- Input material -

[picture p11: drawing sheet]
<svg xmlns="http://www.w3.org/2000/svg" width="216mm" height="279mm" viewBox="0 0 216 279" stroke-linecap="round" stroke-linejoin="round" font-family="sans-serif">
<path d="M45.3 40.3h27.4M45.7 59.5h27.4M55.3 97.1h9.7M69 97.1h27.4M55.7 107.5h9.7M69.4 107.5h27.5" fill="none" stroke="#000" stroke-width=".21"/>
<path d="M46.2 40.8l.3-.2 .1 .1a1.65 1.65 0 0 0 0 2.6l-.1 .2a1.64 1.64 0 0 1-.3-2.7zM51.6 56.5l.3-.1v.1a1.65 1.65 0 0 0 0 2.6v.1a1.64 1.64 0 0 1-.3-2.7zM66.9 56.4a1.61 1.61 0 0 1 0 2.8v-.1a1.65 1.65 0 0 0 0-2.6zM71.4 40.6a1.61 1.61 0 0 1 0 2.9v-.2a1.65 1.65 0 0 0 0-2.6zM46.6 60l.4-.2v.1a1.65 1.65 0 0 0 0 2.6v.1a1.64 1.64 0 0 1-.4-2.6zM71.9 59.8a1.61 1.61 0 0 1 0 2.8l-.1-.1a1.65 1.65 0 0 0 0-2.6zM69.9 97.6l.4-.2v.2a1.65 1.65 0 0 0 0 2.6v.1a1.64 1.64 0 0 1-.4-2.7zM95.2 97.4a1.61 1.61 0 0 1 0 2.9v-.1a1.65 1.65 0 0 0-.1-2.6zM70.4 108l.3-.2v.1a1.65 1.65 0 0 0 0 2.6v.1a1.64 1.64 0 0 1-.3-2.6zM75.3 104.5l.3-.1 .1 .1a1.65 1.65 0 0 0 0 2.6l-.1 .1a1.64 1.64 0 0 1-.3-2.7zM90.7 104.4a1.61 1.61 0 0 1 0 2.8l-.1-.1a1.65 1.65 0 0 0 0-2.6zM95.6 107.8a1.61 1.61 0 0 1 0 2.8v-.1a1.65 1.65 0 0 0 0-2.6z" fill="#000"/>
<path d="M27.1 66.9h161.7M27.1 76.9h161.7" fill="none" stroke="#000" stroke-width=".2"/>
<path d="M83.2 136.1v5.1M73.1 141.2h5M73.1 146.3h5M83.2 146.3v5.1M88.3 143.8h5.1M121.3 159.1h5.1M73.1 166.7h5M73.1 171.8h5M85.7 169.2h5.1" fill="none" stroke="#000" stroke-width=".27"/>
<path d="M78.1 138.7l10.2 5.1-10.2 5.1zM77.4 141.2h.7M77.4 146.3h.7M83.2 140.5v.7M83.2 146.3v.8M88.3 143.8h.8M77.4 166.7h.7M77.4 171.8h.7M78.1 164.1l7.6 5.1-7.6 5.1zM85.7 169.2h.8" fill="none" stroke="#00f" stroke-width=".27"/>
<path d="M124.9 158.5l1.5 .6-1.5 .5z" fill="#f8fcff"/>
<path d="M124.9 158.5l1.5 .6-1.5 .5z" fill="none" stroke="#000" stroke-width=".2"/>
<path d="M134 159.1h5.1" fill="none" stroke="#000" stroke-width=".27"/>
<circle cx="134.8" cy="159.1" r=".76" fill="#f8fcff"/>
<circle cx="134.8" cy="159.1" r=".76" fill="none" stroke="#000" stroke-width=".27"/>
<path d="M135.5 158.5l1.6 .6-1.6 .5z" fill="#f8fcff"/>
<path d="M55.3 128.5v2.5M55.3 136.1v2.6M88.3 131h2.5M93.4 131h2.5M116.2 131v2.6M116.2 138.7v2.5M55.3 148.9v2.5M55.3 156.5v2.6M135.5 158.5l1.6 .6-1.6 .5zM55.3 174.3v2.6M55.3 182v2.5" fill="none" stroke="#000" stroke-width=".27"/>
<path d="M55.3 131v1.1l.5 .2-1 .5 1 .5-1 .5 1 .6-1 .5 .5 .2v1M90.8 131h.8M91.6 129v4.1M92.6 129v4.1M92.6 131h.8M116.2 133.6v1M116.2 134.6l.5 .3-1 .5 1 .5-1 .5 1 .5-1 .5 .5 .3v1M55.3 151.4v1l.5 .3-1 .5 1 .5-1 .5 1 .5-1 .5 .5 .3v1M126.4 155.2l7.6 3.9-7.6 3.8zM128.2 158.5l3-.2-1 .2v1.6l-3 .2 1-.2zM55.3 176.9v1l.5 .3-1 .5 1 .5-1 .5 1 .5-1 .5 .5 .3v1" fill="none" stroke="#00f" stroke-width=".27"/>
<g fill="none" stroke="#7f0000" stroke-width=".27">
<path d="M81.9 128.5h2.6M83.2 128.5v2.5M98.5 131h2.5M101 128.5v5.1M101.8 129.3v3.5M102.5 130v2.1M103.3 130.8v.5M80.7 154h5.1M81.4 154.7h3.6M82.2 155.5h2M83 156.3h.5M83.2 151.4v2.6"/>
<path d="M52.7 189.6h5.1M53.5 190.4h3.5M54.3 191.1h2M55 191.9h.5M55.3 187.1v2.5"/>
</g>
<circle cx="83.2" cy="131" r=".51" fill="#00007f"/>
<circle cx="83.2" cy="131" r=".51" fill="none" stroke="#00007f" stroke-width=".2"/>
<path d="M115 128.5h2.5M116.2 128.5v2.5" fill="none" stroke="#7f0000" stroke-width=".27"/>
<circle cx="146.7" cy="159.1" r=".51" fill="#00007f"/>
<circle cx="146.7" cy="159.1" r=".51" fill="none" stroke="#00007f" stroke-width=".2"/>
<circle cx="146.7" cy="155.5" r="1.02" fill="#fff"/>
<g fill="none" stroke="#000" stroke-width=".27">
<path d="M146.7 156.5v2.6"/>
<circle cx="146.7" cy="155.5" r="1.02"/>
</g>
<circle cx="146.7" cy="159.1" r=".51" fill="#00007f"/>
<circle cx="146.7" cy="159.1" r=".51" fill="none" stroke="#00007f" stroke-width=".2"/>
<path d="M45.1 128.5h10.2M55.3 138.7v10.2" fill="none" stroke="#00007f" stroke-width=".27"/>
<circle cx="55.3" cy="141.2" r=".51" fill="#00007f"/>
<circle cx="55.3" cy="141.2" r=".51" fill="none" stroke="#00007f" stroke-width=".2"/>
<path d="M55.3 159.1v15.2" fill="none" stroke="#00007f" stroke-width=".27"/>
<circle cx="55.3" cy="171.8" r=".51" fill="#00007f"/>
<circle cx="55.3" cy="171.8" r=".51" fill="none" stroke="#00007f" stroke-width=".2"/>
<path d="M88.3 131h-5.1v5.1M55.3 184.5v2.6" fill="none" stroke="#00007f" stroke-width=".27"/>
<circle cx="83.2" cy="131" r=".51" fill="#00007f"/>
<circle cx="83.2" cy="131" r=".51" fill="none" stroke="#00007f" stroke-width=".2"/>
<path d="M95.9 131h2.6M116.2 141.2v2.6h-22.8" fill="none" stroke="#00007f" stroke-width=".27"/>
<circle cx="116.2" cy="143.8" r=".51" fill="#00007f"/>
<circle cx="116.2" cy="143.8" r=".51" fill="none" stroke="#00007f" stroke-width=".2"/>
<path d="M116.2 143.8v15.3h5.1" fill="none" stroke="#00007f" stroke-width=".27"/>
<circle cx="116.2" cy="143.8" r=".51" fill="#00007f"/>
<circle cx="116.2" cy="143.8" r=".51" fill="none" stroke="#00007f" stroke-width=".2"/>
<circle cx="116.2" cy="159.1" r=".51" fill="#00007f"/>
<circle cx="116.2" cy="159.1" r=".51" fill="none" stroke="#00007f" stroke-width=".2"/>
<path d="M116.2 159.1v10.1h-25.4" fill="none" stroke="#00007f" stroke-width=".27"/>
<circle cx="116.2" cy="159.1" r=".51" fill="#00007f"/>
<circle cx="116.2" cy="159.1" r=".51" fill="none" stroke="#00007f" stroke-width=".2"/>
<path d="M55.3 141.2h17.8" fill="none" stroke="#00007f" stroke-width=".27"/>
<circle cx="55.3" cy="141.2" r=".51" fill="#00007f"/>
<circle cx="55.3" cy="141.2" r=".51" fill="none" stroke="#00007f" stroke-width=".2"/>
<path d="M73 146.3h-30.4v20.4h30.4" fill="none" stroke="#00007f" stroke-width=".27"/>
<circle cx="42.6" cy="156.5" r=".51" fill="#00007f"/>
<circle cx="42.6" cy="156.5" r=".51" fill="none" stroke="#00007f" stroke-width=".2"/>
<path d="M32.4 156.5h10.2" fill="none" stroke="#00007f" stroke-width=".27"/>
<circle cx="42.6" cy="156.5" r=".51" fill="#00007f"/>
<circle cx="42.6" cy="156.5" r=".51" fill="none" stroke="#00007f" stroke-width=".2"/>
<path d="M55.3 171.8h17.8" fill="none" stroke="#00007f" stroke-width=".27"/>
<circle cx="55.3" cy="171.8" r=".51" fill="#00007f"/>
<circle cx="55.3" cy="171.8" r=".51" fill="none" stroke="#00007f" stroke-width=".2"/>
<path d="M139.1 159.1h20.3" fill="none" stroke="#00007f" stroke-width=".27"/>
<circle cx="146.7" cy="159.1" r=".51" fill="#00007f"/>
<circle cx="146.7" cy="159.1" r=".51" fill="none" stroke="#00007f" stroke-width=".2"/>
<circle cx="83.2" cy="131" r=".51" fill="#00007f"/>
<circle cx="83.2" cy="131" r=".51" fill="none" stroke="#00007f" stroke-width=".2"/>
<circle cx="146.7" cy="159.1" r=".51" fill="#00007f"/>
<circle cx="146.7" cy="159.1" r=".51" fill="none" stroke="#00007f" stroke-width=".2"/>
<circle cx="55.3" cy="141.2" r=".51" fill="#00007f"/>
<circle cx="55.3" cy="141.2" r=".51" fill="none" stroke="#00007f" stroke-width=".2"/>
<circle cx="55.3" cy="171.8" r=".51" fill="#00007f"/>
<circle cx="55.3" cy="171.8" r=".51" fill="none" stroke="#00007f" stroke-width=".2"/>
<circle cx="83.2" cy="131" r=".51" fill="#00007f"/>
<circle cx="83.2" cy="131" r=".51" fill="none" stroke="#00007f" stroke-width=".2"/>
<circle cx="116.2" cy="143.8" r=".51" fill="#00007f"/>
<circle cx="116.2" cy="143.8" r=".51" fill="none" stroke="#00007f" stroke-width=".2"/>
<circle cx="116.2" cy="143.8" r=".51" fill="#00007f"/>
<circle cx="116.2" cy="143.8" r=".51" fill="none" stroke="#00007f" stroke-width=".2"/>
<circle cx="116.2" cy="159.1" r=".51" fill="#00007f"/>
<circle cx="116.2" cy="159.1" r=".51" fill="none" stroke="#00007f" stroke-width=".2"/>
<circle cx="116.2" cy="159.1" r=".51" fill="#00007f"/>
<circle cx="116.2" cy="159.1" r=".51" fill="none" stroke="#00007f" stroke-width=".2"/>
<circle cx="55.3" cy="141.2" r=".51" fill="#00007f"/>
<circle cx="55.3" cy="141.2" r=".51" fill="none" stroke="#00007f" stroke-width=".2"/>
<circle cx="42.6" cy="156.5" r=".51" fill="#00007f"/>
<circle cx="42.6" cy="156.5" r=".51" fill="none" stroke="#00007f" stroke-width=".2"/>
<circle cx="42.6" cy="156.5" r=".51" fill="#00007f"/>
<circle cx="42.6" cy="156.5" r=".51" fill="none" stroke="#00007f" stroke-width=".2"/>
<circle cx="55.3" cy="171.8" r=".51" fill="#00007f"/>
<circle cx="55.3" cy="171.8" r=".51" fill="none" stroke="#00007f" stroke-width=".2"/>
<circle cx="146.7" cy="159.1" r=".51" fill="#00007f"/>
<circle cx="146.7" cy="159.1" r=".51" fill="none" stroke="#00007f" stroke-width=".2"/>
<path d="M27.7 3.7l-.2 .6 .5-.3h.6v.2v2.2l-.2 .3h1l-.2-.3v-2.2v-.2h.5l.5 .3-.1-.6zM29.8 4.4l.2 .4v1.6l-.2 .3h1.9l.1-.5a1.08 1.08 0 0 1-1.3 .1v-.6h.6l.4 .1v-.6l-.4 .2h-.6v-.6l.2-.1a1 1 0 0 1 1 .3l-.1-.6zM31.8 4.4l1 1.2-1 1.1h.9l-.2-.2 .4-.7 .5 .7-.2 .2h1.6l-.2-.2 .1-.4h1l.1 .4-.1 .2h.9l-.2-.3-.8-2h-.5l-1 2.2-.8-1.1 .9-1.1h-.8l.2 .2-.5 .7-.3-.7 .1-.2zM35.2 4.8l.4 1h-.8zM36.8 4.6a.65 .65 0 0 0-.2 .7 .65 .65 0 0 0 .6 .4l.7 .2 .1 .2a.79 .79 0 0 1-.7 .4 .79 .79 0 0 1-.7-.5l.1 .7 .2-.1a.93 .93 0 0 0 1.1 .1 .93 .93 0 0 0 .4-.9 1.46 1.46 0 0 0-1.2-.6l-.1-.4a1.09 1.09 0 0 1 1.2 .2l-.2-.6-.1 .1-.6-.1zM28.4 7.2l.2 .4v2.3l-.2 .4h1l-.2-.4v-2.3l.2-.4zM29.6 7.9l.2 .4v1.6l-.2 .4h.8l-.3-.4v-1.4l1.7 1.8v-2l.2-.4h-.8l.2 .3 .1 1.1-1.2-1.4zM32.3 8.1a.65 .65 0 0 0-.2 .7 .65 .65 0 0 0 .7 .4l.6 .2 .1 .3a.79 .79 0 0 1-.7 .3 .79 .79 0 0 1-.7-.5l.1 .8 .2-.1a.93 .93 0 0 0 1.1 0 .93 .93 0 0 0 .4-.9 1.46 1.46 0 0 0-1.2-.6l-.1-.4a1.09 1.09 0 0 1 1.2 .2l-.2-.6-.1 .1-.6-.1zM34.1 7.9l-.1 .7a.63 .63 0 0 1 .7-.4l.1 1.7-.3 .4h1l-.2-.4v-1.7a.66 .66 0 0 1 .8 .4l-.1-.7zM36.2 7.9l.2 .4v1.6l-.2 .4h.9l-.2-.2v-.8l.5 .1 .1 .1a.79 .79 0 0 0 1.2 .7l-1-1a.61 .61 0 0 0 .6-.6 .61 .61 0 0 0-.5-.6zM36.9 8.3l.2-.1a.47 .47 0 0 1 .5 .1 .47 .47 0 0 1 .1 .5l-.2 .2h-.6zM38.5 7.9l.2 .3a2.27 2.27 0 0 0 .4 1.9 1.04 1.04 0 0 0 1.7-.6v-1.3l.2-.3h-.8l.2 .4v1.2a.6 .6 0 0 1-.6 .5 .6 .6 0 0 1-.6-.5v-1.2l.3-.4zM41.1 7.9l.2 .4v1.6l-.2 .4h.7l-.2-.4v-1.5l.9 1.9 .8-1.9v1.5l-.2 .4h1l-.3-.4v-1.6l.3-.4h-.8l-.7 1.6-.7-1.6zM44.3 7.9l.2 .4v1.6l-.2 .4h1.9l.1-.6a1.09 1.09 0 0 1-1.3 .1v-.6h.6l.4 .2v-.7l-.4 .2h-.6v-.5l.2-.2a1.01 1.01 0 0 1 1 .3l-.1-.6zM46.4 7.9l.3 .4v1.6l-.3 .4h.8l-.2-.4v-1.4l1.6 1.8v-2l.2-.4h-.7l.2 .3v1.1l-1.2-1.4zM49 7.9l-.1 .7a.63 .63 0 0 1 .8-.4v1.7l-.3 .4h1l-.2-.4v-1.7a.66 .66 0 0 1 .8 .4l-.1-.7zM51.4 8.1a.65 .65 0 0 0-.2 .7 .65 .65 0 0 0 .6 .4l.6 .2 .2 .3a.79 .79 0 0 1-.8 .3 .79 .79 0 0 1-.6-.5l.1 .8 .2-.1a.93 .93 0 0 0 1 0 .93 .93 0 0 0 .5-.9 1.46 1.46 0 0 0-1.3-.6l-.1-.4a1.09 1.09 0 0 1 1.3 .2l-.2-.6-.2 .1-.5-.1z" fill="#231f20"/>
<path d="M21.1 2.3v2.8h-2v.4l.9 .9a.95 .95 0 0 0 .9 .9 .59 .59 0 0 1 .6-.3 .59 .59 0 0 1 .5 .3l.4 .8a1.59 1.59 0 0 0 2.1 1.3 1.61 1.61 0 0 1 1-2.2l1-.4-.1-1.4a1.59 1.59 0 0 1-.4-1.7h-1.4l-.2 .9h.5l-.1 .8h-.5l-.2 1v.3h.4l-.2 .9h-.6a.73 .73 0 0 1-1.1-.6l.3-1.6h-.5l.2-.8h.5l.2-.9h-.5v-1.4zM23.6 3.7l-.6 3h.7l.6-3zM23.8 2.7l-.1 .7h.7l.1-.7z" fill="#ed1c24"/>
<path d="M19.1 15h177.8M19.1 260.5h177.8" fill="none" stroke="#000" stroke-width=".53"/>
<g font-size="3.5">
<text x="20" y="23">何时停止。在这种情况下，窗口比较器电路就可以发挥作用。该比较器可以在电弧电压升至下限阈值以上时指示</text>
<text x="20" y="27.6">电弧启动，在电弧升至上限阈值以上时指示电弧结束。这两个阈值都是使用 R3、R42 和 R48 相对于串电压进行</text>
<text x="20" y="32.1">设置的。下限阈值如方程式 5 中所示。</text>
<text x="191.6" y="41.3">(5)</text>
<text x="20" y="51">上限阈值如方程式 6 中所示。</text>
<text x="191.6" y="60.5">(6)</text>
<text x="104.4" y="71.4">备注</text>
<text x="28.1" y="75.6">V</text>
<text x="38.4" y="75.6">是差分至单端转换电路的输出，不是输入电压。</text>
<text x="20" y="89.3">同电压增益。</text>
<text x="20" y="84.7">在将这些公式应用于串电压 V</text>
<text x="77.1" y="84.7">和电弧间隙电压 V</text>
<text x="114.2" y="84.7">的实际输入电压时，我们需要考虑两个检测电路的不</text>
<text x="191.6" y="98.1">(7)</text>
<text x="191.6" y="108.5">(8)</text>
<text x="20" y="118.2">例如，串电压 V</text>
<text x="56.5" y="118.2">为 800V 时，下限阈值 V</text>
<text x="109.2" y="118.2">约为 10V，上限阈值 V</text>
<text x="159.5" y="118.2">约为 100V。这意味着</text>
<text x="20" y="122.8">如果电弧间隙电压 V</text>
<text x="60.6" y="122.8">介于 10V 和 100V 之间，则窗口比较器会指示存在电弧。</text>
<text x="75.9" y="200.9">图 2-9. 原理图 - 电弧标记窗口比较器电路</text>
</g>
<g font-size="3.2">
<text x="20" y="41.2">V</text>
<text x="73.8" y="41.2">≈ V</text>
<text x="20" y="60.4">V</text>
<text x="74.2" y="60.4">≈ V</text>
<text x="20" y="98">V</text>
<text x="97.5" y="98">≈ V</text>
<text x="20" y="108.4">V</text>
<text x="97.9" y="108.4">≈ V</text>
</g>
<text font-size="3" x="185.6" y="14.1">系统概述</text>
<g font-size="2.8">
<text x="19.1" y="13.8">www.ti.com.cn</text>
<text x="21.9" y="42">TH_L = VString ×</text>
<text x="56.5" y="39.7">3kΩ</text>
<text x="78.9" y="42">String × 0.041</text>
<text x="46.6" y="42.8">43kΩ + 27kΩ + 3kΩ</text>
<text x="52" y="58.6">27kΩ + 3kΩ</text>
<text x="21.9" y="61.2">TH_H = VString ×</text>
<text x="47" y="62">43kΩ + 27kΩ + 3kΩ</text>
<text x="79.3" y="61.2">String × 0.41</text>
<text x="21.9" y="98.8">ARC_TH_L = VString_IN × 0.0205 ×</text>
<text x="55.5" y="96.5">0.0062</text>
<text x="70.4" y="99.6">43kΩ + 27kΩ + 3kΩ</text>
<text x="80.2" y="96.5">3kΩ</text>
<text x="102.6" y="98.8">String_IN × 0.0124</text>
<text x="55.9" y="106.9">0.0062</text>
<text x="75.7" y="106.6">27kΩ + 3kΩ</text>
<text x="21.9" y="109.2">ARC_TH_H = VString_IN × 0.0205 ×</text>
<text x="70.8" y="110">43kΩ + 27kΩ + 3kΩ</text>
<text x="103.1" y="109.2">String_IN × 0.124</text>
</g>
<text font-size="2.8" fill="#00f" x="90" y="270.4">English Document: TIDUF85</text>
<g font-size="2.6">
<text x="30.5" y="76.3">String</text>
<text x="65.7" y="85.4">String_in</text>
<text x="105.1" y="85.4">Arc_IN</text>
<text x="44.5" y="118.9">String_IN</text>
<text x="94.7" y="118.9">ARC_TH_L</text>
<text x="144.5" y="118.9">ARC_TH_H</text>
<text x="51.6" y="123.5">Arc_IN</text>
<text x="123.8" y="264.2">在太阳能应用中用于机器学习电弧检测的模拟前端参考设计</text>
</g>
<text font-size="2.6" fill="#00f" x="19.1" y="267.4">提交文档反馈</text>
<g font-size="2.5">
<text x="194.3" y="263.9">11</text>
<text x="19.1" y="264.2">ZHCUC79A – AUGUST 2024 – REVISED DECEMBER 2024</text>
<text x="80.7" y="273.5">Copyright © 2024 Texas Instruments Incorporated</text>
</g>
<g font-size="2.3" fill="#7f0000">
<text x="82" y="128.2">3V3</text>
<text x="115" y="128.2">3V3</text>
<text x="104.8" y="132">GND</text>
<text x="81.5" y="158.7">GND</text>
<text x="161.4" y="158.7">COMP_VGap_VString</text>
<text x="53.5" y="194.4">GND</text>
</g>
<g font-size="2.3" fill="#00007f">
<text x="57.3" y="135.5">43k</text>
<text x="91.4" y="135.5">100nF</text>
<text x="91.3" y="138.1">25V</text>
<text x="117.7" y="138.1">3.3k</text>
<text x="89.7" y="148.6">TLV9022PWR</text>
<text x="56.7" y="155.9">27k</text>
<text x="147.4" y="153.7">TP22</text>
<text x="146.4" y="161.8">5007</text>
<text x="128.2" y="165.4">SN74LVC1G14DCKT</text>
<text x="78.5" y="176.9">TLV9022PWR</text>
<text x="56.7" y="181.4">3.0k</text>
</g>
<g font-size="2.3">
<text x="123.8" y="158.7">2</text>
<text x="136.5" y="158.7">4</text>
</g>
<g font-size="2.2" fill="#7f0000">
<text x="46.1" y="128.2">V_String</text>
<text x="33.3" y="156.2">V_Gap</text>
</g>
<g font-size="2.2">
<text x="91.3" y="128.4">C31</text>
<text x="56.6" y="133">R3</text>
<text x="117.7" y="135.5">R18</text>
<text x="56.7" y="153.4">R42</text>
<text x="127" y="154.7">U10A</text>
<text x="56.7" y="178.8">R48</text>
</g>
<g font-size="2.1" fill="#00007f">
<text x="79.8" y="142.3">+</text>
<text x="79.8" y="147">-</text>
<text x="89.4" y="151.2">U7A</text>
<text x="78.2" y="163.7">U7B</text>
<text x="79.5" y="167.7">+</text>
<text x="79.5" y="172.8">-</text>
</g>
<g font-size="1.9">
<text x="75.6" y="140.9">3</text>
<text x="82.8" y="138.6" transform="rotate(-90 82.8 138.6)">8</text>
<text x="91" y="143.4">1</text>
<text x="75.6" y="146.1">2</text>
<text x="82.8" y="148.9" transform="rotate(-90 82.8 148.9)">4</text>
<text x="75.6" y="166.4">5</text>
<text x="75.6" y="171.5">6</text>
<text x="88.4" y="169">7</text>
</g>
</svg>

- Problem statement -
Up to and including the line with "40.3h27.4M45.7 59.5h27.4M55.3 97.1h9.7M69", reproduce the material above exactly as it appears, starting from its first line.

- Answer for the task -
[picture p11: drawing sheet]
<svg xmlns="http://www.w3.org/2000/svg" width="216mm" height="279mm" viewBox="0 0 216 279" stroke-linecap="round" stroke-linejoin="round" font-family="sans-serif">
<path d="M45.3 40.3h27.4M45.7 59.5h27.4M55.3 97.1h9.7M69 97.1h27.4M55.7 107.5h9.7M69.4 107.5h27.5" fill="none" stroke="#000" stroke-width=".21"/>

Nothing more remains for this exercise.